(Task goal) Only these lines of the data below are wanted: the one with "line L5 (-41, -28.3)", the one with "normal blind 1.5", and any lines between them, each repeated exactly.

[Records drawn from a dataset]
Start of Block
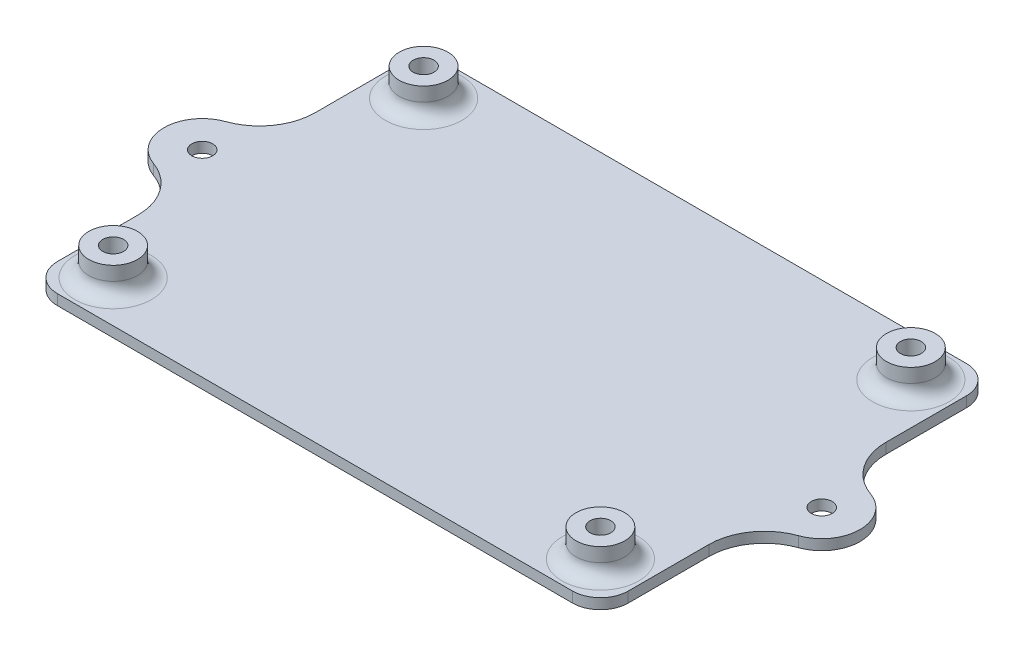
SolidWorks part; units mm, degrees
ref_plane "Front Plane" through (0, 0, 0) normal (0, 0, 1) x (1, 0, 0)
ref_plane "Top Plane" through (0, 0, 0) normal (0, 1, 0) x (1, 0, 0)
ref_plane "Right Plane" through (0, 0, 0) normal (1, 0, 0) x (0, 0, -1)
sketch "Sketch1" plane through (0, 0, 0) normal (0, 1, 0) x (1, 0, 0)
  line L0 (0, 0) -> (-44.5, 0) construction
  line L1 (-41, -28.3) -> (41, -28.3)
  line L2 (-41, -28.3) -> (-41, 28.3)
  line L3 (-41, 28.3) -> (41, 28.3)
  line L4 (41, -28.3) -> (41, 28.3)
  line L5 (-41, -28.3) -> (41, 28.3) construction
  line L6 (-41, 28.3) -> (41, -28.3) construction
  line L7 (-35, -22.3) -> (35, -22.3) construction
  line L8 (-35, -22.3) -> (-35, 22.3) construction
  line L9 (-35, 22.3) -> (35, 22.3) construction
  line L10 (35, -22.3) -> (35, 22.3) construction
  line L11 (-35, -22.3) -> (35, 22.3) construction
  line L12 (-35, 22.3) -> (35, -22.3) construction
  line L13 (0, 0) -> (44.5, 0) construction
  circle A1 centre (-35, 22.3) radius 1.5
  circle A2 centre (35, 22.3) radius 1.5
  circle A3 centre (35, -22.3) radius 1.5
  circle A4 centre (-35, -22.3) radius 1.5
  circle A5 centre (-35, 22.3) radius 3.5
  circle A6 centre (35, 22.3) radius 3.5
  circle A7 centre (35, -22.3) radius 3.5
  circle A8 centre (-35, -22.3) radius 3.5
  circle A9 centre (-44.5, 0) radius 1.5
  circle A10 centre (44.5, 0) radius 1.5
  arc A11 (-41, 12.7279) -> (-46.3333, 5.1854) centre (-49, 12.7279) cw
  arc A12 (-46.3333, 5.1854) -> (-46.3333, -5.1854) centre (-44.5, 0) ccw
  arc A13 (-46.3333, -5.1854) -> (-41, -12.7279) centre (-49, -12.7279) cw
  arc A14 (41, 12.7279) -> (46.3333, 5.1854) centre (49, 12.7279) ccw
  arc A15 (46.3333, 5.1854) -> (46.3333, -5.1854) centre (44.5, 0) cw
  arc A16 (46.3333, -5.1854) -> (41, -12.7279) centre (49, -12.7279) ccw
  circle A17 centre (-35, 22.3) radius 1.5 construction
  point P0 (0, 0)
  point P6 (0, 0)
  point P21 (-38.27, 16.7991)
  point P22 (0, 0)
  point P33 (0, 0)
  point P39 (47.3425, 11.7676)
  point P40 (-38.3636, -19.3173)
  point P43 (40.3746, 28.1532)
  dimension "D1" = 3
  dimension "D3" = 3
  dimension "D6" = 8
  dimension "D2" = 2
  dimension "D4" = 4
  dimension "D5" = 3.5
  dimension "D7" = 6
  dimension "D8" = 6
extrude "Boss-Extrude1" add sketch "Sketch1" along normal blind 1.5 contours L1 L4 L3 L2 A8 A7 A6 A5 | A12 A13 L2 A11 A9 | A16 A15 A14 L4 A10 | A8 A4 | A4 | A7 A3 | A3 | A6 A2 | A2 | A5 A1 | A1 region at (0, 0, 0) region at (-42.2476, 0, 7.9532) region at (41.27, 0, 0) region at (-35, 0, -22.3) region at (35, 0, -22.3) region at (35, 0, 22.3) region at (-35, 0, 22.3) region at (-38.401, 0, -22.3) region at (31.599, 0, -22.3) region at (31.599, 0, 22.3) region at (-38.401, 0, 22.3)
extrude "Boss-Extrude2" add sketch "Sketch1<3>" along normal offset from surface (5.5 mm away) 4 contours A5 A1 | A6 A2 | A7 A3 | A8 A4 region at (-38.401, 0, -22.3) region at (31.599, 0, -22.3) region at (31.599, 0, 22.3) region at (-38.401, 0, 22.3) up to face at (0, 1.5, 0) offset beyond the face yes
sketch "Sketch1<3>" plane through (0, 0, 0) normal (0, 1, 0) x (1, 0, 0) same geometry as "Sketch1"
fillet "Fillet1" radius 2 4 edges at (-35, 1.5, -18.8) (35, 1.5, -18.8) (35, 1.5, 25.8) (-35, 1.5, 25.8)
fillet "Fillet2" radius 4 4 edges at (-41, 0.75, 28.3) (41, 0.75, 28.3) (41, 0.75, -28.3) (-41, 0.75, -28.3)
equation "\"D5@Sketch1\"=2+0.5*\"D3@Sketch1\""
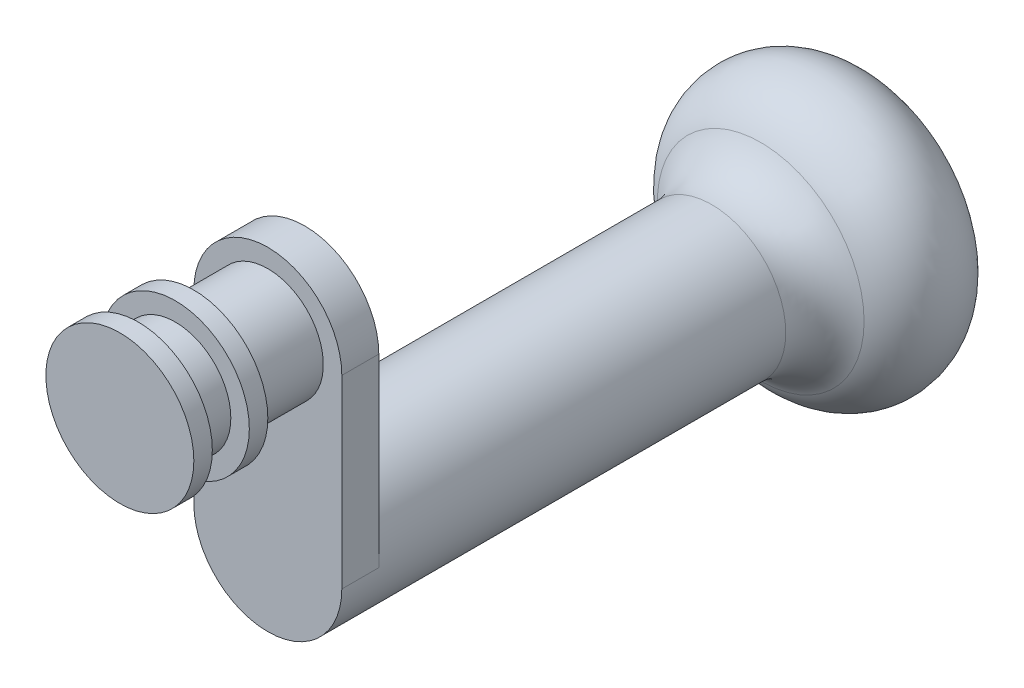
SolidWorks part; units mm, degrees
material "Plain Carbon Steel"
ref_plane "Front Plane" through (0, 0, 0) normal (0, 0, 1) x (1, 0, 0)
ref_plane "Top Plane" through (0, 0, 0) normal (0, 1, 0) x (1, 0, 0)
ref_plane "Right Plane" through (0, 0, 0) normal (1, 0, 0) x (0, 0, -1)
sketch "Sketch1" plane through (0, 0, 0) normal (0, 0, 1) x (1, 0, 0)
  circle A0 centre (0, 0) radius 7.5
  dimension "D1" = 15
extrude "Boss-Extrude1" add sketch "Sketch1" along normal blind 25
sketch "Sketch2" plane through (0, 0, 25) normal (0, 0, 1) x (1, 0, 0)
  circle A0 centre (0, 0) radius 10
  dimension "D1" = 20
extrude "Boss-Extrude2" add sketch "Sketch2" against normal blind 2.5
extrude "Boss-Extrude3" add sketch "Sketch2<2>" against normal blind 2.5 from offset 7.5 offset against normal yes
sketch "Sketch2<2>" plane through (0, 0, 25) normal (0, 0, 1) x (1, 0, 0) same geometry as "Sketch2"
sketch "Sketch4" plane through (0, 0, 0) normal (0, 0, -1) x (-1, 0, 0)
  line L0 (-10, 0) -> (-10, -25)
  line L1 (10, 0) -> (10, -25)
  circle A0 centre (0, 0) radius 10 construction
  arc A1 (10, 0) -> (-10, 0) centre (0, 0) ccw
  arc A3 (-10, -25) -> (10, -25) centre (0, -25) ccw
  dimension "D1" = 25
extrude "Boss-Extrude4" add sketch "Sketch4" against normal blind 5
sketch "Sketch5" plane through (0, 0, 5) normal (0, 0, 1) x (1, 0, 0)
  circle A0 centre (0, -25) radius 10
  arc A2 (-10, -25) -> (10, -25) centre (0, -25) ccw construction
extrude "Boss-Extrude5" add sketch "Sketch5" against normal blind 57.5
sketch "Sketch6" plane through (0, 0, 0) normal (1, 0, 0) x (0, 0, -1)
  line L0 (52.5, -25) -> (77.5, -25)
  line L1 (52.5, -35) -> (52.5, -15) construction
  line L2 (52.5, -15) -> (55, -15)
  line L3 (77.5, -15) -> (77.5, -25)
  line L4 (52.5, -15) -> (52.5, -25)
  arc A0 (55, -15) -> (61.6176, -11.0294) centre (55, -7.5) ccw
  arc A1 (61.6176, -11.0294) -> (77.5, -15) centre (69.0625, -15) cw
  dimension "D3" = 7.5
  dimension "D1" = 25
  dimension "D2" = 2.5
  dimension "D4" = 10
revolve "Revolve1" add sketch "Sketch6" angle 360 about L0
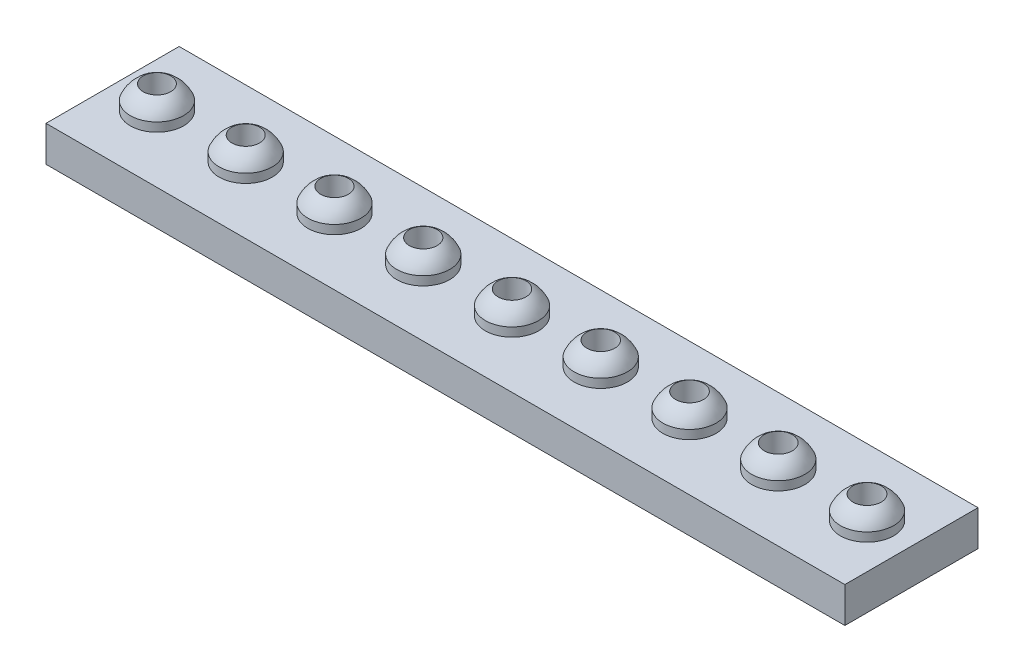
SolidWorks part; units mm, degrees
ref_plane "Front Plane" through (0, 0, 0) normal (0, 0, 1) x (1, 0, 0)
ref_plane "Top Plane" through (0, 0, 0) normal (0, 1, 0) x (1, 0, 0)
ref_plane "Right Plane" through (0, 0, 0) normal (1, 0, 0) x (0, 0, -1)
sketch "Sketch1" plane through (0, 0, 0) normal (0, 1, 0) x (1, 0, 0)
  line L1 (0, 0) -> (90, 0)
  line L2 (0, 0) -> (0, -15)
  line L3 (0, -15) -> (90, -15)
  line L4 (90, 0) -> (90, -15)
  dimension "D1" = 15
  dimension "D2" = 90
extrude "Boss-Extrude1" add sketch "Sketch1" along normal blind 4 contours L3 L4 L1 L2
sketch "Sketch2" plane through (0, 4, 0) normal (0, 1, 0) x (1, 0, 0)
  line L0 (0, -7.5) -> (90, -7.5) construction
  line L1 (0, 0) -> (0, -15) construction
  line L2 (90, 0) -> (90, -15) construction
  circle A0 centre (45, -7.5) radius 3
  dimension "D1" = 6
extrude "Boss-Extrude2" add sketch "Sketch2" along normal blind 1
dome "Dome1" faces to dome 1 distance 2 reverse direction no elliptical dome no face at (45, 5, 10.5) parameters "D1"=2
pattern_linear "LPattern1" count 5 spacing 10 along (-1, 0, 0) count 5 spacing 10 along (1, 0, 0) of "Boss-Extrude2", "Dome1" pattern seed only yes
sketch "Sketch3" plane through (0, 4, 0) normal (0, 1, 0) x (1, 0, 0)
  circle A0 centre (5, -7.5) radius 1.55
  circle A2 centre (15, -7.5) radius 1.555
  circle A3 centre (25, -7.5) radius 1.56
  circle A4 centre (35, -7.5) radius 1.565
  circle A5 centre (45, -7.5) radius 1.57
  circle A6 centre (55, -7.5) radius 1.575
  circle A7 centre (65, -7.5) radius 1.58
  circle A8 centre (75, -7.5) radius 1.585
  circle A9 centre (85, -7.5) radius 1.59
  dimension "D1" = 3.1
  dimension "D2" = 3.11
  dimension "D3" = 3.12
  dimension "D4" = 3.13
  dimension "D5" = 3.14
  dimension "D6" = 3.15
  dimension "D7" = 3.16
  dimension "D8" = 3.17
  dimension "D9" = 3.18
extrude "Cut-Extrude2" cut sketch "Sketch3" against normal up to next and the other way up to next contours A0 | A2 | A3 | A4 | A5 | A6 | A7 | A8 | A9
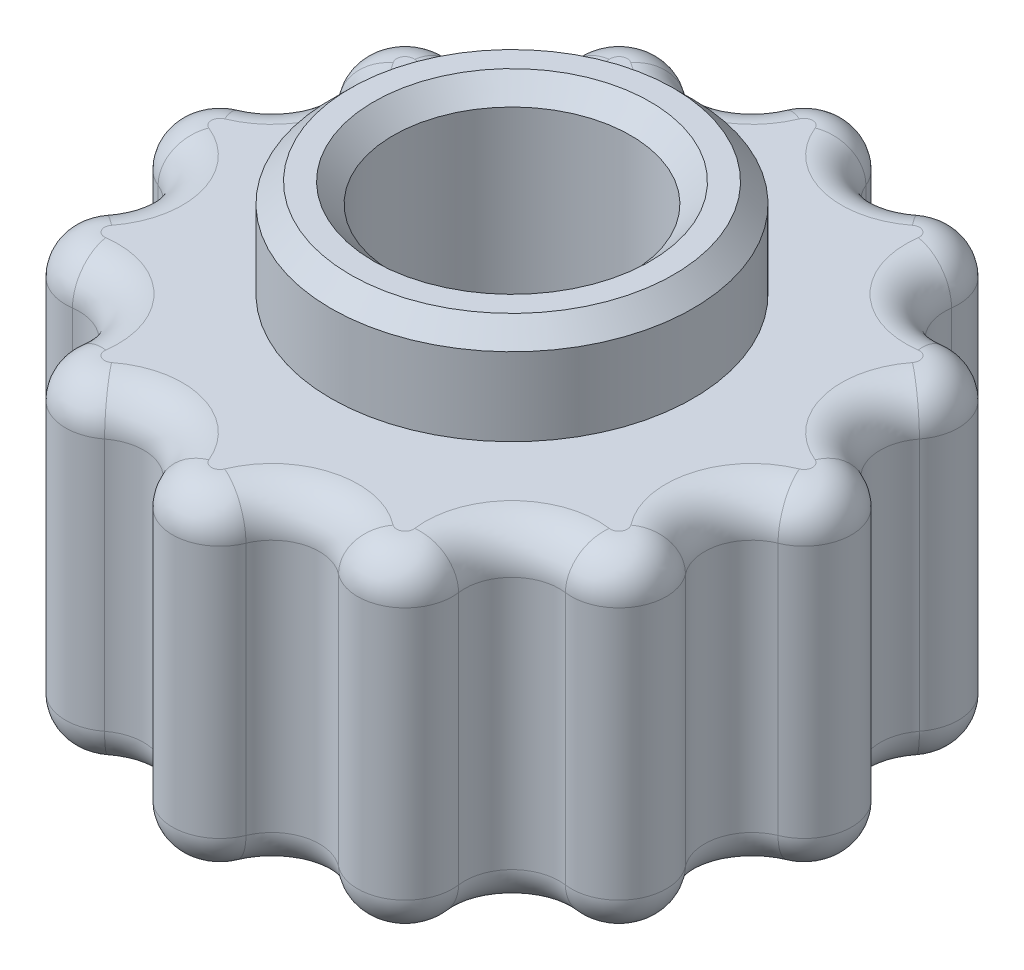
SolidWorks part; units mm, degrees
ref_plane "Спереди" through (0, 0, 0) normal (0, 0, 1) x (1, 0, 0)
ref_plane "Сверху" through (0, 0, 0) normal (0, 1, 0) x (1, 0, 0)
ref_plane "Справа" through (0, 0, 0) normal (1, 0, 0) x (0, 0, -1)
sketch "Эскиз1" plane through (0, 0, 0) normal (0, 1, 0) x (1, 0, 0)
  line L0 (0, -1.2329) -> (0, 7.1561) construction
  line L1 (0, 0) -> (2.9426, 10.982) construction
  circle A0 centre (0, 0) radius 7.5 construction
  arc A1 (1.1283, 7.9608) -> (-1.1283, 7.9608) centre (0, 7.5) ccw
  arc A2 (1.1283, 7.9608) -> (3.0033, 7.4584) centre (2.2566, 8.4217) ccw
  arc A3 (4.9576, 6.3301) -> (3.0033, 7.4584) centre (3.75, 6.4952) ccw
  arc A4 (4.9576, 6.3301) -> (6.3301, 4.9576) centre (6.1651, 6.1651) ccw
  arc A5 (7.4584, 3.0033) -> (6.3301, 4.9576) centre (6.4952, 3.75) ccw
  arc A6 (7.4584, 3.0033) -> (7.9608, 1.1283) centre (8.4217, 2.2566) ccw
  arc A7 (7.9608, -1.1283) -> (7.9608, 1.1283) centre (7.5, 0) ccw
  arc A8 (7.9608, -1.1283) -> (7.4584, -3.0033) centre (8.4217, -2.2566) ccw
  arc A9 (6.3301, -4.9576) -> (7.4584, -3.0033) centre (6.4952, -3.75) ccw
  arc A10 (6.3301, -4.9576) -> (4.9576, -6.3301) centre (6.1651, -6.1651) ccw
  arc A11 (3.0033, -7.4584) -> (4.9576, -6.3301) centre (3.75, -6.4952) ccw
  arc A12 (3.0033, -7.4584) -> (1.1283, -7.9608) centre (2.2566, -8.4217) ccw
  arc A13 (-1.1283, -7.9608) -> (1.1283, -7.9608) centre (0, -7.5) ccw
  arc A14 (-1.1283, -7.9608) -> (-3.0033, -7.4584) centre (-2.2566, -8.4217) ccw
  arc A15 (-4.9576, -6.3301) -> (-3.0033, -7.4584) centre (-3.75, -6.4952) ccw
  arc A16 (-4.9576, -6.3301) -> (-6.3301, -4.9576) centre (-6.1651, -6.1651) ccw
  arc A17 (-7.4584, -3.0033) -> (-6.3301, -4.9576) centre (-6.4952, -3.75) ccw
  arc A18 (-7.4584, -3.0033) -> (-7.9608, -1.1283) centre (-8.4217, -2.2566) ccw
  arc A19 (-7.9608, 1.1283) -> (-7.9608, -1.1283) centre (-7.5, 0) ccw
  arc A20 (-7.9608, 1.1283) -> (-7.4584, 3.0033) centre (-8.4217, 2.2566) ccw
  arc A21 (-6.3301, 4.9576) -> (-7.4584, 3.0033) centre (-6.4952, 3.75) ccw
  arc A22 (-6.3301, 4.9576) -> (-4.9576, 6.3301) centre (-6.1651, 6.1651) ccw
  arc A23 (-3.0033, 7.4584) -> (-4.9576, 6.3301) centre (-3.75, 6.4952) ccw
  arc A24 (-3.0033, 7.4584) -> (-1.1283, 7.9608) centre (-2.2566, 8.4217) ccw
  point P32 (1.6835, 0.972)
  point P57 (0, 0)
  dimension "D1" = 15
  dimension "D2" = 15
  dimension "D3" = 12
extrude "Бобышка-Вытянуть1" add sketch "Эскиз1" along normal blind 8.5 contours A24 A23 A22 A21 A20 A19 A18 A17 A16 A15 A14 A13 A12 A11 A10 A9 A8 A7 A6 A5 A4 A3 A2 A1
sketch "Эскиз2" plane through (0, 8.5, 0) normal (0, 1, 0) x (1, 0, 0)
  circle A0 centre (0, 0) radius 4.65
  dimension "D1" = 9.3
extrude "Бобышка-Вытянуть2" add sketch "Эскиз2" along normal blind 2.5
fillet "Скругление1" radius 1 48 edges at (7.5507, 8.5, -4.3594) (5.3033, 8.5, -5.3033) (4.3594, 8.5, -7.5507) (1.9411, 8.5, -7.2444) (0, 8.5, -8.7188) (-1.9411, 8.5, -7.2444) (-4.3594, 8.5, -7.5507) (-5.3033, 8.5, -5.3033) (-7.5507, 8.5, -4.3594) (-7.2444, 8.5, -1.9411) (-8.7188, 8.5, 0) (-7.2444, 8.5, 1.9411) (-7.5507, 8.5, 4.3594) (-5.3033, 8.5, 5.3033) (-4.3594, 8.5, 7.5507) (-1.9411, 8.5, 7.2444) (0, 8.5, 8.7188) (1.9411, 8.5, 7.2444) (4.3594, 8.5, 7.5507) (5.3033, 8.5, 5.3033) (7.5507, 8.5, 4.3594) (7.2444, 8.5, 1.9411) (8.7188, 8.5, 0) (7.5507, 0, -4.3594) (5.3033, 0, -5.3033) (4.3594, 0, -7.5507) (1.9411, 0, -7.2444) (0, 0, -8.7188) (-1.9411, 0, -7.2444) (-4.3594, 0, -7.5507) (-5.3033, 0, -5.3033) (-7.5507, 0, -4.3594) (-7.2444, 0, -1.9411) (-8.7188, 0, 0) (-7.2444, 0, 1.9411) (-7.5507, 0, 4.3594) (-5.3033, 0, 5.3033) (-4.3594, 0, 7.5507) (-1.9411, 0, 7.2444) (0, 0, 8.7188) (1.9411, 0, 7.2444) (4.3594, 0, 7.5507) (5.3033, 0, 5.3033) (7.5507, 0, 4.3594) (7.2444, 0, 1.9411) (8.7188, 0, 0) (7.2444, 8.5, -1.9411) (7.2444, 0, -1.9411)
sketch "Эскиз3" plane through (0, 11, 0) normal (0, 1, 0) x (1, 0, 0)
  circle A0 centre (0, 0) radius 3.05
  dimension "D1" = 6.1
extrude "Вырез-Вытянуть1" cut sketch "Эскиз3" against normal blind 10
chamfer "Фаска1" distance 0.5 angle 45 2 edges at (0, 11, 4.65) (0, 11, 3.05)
End of Block
(Task answer)
  line L5 (-41, -28.3) -> (41, 28.3) construction
  line L6 (-41, 28.3) -> (41, -28.3) construction
  line L7 (-35, -22.3) -> (35, -22.3) construction
  line L8 (-35, -22.3) -> (-35, 22.3) construction
  line L9 (-35, 22.3) -> (35, 22.3) construction
  line L10 (35, -22.3) -> (35, 22.3) construction
  line L11 (-35, -22.3) -> (35, 22.3) construction
  line L12 (-35, 22.3) -> (35, -22.3) construction
  line L13 (0, 0) -> (44.5, 0) construction
  circle A1 centre (-35, 22.3) radius 1.5
  circle A2 centre (35, 22.3) radius 1.5
  circle A3 centre (35, -22.3) radius 1.5
  circle A4 centre (-35, -22.3) radius 1.5
  circle A5 centre (-35, 22.3) radius 3.5
  circle A6 centre (35, 22.3) radius 3.5
  circle A7 centre (35, -22.3) radius 3.5
  circle A8 centre (-35, -22.3) radius 3.5
  circle A9 centre (-44.5, 0) radius 1.5
  circle A10 centre (44.5, 0) radius 1.5
  arc A11 (-41, 12.7279) -> (-46.3333, 5.1854) centre (-49, 12.7279) cw
  arc A12 (-46.3333, 5.1854) -> (-46.3333, -5.1854) centre (-44.5, 0) ccw
  arc A13 (-46.3333, -5.1854) -> (-41, -12.7279) centre (-49, -12.7279) cw
  arc A14 (41, 12.7279) -> (46.3333, 5.1854) centre (49, 12.7279) ccw
  arc A15 (46.3333, 5.1854) -> (46.3333, -5.1854) centre (44.5, 0) cw
  arc A16 (46.3333, -5.1854) -> (41, -12.7279) centre (49, -12.7279) ccw
  circle A17 centre (-35, 22.3) radius 1.5 construction
  point P0 (0, 0)
  point P6 (0, 0)
  point P21 (-38.27, 16.7991)
  point P22 (0, 0)
  point P33 (0, 0)
  point P39 (47.3425, 11.7676)
  point P40 (-38.3636, -19.3173)
  point P43 (40.3746, 28.1532)
  dimension "D1" = 3
  dimension "D3" = 3
  dimension "D6" = 8
  dimension "D2" = 2
  dimension "D4" = 4
  dimension "D5" = 3.5
  dimension "D7" = 6
  dimension "D8" = 6
extrude "Boss-Extrude1" add sketch "Sketch1" along normal blind 1.5 contours L1 L4 L3 L2 A8 A7 A6 A5 | A12 A13 L2 A11 A9 | A16 A15 A14 L4 A10 | A8 A4 | A4 | A7 A3 | A3 | A6 A2 | A2 | A5 A1 | A1 region at (0, 0, 0) region at (-42.2476, 0, 7.9532) region at (41.27, 0, 0) region at (-35, 0, -22.3) region at (35, 0, -22.3) region at (35, 0, 22.3) region at (-35, 0, 22.3) region at (-38.401, 0, -22.3) region at (31.599, 0, -22.3) region at (31.599, 0, 22.3) region at (-38.401, 0, 22.3)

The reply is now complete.